Hi, I'm a computer science student and I'm having some trouble understanding one of SynMap's outputs. This is the first time I'm using this tool, so my doubts may be very basic. The output I'm interested in is DAGChainer output in genomic coordinates.

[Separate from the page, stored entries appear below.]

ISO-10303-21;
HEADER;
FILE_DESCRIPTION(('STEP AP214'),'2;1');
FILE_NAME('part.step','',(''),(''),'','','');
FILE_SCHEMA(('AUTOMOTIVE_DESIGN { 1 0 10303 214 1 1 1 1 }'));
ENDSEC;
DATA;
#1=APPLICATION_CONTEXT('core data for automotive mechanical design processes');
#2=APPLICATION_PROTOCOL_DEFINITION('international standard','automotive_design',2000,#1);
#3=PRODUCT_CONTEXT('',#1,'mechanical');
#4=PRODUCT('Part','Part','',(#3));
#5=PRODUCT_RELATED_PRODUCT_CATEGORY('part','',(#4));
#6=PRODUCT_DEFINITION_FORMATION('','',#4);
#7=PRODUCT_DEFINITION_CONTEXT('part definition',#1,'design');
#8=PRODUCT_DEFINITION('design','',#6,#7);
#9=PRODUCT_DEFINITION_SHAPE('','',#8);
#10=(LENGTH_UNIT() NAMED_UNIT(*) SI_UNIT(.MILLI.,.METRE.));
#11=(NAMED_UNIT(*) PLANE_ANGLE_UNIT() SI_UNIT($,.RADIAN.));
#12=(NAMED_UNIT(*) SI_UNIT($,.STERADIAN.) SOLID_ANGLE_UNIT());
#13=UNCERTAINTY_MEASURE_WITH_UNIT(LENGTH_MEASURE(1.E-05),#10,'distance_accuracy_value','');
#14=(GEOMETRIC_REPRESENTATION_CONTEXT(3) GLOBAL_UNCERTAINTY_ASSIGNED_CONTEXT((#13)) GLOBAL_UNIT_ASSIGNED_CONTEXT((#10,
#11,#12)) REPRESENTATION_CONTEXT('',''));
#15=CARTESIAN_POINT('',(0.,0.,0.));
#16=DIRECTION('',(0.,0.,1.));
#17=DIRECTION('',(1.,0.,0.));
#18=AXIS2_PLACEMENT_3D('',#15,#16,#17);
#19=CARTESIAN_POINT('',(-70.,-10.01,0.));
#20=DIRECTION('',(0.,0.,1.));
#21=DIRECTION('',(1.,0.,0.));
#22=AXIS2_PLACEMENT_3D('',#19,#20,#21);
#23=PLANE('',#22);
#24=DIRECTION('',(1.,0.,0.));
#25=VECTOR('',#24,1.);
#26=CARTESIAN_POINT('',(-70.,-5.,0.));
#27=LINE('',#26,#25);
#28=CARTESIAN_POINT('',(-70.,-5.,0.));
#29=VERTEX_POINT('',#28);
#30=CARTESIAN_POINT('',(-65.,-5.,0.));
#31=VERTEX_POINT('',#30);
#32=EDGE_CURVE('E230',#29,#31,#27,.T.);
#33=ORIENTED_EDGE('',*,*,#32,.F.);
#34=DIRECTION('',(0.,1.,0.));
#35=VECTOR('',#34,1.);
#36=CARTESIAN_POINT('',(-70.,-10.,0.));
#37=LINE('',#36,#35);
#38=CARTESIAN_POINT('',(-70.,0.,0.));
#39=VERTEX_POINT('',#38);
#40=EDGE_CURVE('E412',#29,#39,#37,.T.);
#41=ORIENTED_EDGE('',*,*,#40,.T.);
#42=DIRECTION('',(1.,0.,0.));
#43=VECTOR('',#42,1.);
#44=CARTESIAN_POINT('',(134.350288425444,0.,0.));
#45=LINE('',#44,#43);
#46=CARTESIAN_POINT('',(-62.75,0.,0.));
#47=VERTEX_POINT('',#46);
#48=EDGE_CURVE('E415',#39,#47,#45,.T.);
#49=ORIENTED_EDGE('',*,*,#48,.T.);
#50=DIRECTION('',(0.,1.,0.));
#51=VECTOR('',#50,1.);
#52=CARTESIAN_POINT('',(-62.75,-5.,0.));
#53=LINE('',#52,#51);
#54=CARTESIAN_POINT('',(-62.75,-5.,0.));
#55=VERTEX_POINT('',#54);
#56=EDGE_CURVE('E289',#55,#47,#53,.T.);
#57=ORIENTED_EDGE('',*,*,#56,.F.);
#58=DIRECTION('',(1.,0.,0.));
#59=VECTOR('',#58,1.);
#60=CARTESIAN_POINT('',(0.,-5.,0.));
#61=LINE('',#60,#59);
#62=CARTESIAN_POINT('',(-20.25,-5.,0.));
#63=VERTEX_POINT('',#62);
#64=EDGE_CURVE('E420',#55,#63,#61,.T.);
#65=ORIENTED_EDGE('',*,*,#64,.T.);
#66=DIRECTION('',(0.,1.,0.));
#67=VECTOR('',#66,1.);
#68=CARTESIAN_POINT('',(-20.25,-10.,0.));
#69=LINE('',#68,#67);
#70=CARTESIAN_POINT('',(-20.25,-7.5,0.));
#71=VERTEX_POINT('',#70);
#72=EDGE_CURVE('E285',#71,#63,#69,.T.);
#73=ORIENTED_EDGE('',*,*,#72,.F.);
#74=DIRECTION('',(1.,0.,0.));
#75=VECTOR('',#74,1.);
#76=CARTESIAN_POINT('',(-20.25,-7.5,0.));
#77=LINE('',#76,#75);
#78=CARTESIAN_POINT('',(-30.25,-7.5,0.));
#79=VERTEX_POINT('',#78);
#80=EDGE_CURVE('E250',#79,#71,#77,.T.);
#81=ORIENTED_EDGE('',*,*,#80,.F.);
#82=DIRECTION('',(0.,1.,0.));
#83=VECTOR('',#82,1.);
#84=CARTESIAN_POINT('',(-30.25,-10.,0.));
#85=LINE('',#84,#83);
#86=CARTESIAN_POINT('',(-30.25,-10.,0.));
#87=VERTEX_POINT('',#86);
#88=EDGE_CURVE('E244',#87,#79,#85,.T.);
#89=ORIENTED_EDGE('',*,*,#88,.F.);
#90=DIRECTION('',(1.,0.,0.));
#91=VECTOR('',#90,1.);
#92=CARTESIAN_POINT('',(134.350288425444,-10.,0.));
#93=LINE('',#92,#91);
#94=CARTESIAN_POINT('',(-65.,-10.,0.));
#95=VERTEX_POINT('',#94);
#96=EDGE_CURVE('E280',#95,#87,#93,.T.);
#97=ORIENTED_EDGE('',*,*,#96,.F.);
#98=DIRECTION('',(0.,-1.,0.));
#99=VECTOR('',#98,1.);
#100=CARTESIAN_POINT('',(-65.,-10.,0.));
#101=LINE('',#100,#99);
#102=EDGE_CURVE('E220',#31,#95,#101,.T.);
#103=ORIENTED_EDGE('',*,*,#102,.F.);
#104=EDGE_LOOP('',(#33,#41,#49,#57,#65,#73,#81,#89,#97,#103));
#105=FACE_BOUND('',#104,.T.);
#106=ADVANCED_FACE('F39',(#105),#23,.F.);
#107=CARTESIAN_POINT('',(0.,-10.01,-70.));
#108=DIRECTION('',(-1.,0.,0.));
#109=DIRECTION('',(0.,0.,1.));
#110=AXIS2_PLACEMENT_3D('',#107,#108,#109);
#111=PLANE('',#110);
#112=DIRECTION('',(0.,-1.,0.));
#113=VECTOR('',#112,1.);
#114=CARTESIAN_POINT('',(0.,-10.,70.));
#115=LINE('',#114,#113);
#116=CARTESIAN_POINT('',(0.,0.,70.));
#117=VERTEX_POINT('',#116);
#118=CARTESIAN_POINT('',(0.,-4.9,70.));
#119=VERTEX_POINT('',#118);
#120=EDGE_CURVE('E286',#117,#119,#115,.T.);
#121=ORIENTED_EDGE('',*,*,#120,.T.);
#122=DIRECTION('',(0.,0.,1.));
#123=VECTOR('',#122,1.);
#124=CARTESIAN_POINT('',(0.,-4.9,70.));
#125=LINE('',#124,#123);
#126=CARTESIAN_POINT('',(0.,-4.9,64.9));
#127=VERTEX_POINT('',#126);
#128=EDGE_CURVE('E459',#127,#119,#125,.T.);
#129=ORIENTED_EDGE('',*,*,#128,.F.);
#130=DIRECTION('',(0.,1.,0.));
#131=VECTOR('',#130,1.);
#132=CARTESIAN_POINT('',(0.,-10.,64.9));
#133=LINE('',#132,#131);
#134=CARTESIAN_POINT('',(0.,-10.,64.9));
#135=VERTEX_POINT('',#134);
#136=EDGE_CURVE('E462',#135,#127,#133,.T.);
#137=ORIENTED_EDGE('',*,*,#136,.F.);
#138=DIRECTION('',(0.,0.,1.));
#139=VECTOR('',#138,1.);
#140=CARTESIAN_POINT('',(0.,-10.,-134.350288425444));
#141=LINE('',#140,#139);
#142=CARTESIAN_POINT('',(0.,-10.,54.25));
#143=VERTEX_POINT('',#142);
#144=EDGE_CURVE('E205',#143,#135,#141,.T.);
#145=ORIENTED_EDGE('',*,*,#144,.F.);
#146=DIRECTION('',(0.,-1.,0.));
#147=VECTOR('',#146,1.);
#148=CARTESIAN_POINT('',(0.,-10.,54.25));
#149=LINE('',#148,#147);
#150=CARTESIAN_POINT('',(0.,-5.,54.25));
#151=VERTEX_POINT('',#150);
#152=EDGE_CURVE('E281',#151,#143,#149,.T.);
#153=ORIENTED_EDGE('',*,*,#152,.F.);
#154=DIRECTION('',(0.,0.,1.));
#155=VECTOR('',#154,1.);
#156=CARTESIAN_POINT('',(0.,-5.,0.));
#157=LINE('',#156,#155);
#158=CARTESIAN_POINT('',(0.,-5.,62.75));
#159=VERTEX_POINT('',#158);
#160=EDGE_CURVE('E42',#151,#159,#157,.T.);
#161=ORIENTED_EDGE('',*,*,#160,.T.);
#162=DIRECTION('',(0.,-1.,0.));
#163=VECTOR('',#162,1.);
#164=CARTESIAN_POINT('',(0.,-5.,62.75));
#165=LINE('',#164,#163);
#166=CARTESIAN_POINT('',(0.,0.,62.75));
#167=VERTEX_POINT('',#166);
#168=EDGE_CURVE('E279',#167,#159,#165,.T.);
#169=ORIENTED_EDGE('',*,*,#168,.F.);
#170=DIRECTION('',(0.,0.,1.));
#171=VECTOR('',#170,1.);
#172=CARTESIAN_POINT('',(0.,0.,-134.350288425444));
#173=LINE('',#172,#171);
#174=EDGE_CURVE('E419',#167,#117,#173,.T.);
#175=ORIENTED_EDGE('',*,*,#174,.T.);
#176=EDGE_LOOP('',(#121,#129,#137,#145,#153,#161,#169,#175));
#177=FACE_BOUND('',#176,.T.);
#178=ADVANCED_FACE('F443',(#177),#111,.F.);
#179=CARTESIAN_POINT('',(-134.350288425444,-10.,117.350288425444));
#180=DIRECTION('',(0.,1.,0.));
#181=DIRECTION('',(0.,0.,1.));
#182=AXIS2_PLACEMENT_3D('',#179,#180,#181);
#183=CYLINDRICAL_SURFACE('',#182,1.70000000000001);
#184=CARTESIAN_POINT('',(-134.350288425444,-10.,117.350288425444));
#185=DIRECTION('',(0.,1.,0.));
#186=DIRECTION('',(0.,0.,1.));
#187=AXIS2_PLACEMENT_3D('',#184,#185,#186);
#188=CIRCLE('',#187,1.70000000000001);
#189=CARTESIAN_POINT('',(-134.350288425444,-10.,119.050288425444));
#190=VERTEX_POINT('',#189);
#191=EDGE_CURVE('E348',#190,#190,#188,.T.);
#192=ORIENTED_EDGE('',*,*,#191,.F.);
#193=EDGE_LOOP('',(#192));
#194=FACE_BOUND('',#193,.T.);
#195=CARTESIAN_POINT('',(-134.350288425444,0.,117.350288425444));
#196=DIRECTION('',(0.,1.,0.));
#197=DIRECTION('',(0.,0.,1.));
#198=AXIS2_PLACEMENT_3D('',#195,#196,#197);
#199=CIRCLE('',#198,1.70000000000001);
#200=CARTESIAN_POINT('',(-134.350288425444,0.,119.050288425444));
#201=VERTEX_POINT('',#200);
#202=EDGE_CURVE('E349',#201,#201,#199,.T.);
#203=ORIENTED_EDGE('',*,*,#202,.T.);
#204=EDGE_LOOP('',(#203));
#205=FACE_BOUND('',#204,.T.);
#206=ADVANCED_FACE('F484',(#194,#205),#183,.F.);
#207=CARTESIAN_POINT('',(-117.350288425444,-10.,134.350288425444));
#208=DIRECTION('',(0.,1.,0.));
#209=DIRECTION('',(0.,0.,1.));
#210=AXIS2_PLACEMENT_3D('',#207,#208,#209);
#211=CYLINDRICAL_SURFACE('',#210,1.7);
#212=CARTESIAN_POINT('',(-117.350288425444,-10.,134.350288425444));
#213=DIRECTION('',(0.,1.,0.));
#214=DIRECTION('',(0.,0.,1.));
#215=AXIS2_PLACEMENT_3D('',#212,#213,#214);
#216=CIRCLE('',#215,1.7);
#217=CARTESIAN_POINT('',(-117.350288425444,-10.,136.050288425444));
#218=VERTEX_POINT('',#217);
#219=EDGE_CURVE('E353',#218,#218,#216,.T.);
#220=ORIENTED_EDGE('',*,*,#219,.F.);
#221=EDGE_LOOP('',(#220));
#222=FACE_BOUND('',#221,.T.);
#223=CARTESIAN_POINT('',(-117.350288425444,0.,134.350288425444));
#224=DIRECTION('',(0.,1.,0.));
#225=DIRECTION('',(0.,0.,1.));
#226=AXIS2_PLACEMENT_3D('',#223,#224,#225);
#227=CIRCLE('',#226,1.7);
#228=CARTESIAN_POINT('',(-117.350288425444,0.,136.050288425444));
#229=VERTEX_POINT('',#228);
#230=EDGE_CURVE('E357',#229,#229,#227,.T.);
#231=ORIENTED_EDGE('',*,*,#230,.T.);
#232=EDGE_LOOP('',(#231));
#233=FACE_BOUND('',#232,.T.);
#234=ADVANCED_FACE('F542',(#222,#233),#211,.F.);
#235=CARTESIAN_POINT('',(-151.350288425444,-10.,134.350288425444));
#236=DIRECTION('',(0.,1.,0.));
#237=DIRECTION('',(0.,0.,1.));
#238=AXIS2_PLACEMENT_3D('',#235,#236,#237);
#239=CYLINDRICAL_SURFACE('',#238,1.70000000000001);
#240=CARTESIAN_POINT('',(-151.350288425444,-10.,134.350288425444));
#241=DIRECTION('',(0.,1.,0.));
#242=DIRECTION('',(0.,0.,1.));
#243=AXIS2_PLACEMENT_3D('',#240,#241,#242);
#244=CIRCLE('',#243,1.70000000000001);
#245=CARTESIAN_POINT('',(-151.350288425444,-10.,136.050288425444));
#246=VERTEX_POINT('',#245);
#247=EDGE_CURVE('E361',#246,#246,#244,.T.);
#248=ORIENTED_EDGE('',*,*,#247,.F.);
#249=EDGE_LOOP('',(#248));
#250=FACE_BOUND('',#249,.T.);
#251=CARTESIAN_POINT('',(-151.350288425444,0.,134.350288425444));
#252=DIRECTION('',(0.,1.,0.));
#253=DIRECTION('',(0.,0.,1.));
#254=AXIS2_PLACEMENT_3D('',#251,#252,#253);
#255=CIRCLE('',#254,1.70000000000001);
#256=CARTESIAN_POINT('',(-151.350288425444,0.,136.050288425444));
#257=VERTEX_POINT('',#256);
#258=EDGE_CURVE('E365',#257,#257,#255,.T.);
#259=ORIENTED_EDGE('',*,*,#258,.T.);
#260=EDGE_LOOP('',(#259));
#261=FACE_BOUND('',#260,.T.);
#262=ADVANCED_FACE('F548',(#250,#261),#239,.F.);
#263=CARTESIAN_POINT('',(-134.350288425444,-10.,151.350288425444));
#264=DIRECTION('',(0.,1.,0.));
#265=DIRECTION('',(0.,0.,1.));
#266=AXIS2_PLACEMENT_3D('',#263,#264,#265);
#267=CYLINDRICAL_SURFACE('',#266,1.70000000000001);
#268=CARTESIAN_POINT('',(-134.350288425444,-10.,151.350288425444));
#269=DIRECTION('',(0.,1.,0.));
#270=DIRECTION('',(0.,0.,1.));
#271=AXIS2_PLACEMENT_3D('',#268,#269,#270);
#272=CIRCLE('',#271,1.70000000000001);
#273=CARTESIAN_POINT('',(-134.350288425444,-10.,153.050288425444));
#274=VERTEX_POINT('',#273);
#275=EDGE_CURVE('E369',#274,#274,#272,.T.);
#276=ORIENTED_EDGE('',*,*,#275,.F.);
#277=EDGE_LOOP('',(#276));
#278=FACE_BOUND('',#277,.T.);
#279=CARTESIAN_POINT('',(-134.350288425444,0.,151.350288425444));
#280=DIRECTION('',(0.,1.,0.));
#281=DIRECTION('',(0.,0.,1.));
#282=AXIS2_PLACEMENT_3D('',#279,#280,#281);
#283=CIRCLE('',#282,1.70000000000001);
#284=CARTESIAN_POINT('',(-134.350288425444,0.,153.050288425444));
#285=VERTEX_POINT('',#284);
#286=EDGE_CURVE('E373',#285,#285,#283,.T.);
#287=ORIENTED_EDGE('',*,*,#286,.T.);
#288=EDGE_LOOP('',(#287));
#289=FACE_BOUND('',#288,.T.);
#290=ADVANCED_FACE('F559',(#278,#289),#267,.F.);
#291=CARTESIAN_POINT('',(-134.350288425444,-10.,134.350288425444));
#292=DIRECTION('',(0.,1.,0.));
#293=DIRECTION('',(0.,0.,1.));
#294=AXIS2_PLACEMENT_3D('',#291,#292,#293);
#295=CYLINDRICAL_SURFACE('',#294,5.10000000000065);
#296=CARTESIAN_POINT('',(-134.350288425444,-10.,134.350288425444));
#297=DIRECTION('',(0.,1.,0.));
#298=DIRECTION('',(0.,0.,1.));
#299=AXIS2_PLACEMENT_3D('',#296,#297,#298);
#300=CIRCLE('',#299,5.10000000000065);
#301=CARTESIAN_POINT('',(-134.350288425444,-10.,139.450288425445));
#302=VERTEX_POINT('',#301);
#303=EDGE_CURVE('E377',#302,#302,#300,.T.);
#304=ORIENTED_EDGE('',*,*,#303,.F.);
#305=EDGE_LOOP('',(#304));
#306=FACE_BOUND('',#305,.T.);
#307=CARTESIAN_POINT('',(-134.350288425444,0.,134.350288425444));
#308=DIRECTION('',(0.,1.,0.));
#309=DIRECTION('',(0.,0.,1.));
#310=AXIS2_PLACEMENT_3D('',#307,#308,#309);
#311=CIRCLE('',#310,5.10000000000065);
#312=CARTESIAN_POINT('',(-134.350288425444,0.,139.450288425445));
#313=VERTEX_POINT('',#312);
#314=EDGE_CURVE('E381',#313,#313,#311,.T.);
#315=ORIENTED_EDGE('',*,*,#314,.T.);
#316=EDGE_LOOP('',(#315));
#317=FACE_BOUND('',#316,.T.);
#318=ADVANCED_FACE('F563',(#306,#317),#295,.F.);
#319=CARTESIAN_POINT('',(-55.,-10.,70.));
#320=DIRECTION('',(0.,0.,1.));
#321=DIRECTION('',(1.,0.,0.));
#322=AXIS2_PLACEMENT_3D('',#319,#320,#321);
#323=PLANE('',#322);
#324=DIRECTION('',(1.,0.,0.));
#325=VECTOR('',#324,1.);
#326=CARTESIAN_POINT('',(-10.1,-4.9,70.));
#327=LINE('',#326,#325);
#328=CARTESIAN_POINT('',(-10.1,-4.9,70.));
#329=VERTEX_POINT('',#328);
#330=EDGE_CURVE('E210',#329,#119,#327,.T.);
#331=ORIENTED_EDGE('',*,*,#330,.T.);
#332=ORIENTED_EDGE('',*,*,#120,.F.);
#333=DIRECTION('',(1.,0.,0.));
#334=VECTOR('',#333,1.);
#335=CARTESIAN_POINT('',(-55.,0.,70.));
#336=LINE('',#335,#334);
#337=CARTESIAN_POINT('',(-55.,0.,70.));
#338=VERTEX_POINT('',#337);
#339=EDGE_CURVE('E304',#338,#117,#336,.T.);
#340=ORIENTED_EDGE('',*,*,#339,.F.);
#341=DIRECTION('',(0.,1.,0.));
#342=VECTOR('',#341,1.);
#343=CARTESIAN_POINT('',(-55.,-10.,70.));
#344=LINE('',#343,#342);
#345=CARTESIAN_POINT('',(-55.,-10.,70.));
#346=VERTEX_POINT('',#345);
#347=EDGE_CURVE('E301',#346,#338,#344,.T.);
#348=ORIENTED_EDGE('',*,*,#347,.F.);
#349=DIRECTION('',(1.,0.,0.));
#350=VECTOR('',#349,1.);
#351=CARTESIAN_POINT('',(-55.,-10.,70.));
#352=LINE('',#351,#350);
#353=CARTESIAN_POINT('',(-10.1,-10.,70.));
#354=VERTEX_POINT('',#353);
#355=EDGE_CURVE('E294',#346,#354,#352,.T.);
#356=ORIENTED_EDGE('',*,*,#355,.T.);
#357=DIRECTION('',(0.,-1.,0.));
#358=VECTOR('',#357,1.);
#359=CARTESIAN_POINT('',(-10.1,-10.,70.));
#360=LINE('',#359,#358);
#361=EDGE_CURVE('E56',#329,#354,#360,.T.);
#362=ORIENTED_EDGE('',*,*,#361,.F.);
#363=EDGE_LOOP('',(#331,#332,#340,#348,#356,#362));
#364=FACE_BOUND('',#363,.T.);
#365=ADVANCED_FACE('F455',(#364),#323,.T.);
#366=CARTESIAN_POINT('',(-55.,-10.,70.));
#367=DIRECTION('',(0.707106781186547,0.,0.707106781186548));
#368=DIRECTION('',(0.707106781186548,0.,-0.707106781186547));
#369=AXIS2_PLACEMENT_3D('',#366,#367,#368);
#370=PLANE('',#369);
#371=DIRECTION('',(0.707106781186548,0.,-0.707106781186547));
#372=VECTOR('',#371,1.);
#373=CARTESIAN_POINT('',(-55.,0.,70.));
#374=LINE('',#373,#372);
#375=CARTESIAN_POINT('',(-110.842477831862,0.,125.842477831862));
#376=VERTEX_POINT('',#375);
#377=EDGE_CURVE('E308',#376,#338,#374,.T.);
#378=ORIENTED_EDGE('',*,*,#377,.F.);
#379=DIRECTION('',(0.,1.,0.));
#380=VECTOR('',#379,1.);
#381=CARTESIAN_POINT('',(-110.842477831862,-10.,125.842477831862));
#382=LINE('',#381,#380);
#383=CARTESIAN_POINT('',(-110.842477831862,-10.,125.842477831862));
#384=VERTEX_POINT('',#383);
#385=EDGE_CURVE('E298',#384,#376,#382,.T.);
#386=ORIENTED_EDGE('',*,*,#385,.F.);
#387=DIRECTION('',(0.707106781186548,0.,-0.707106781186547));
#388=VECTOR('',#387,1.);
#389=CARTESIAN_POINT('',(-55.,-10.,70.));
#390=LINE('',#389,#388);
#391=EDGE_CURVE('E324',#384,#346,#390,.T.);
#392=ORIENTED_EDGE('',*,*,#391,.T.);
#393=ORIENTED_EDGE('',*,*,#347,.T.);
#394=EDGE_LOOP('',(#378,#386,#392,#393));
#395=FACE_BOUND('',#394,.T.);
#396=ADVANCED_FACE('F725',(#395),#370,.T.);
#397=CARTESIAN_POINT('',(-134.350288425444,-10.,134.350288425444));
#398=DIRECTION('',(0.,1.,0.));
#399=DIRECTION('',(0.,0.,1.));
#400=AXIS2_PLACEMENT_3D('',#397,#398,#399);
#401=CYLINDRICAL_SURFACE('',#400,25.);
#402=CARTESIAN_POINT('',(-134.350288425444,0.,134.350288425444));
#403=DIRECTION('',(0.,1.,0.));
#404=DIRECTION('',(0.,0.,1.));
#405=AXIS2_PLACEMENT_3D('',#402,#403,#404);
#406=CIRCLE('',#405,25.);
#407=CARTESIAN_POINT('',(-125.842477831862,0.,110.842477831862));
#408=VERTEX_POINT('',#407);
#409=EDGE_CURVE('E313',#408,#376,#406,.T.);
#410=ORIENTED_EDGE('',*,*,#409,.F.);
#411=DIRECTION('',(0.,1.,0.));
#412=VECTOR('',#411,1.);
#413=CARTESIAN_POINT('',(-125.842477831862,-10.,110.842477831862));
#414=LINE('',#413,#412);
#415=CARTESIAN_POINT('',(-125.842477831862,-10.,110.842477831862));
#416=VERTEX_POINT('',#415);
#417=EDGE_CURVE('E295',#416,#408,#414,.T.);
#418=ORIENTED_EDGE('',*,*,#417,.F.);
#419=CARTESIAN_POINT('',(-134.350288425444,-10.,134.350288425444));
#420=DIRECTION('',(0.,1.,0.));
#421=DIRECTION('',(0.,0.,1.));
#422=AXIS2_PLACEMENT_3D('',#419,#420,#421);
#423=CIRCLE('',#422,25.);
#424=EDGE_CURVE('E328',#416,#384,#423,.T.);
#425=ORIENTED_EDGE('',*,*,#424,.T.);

I pasted bellow a small sample of the file:
#1 5438.0 a61341_CP009354.1 b61370_CP018835.1 f 114 Mean Ks: 26.8037 Mean Kn: 0.1808
#Ks Kn a<db_genome_id>_<chr> chr1||start1||stop1||name1||strand1||type1||db_feature_id1||genome_order1||percent_id1 start1 stop1 b<db_genome_id>_<chr> chr2||start2||stop2||name2||strand2||type2||db_feature_id2||genome_order2||percent_id2 start2 stop2 eval block_score GEVO_link
3.3861 0.1466 a61341_CP009354.1 CP009354.1||2533113||2533958||cds-AIW14852.1||-1||CDS||3462596172||2299||71.04 2533958 2533113 b61370_CP018835.1 CP018835.1||999503||1000348||cds-ASA55073.1||-1||CDS||3463773201||923||71.04 1000348 999503 1.200000e-161 50
8.9127 0.0410 a61341_CP009354.1 CP009354.1||2534066||2534647||cds-AIW14853.1||-1||CDS||3462596173||2300||77.41 2534647 2534066 b61370_CP018835.1 CP018835.1||1000376||1000951||cds-ASA55074.1||-1||CDS||3463773202||924||77.41 1000951 1000376 5.000000e-143 100
Furthermore, there are other headers as follows (I omitted the actual data):
#1 2729.0 a61341_CP009354.1 b61370_CP018835.1 r 60 Mean Ks: 29.3942 Mean Kn: 0.1974
#1 367.0 a61341_CP009354.1 b61370_CP018836.1 f 8 Mean Ks: 42.0974 Mean Kn: 0.2392
#1 450.0 a61341_CP009355.1 b61370_CP018835.1 f 9 Mean Ks: 26.1880 Mean Kn: 0.1268
#1 391.0 a61341_CP009355.1 b61370_CP018835.1 r 9 Mean Ks: 38.5121 Mean Kn: 0.2237
#1 558.0 a61341_CP009355.1 b61370_CP018836.1 f 12 Mean Ks: 31.9494 Mean Kn: 0.2921
#1 464.0 a61341_CP009355.1 b61370_CP018836.1 r 10 Mean Ks: 58.8696 Mean Kn: 0.3136
I put the repeated headers, there are others (#2
, #3
, etc). Although I've already read the documentation regarding this particular output, still I don't understand what it means. As far as I know, each header starting with #
indicates a synteny between the two chromosomes. The docs say that these can be repeated, and I don't understand what these repeats mean. Probably I'm missing something because I may lack some biological knowledge. Furthermore, could you explain what each row mean? The file itself already has a description for the columns, but I didn't quite get what each row mean.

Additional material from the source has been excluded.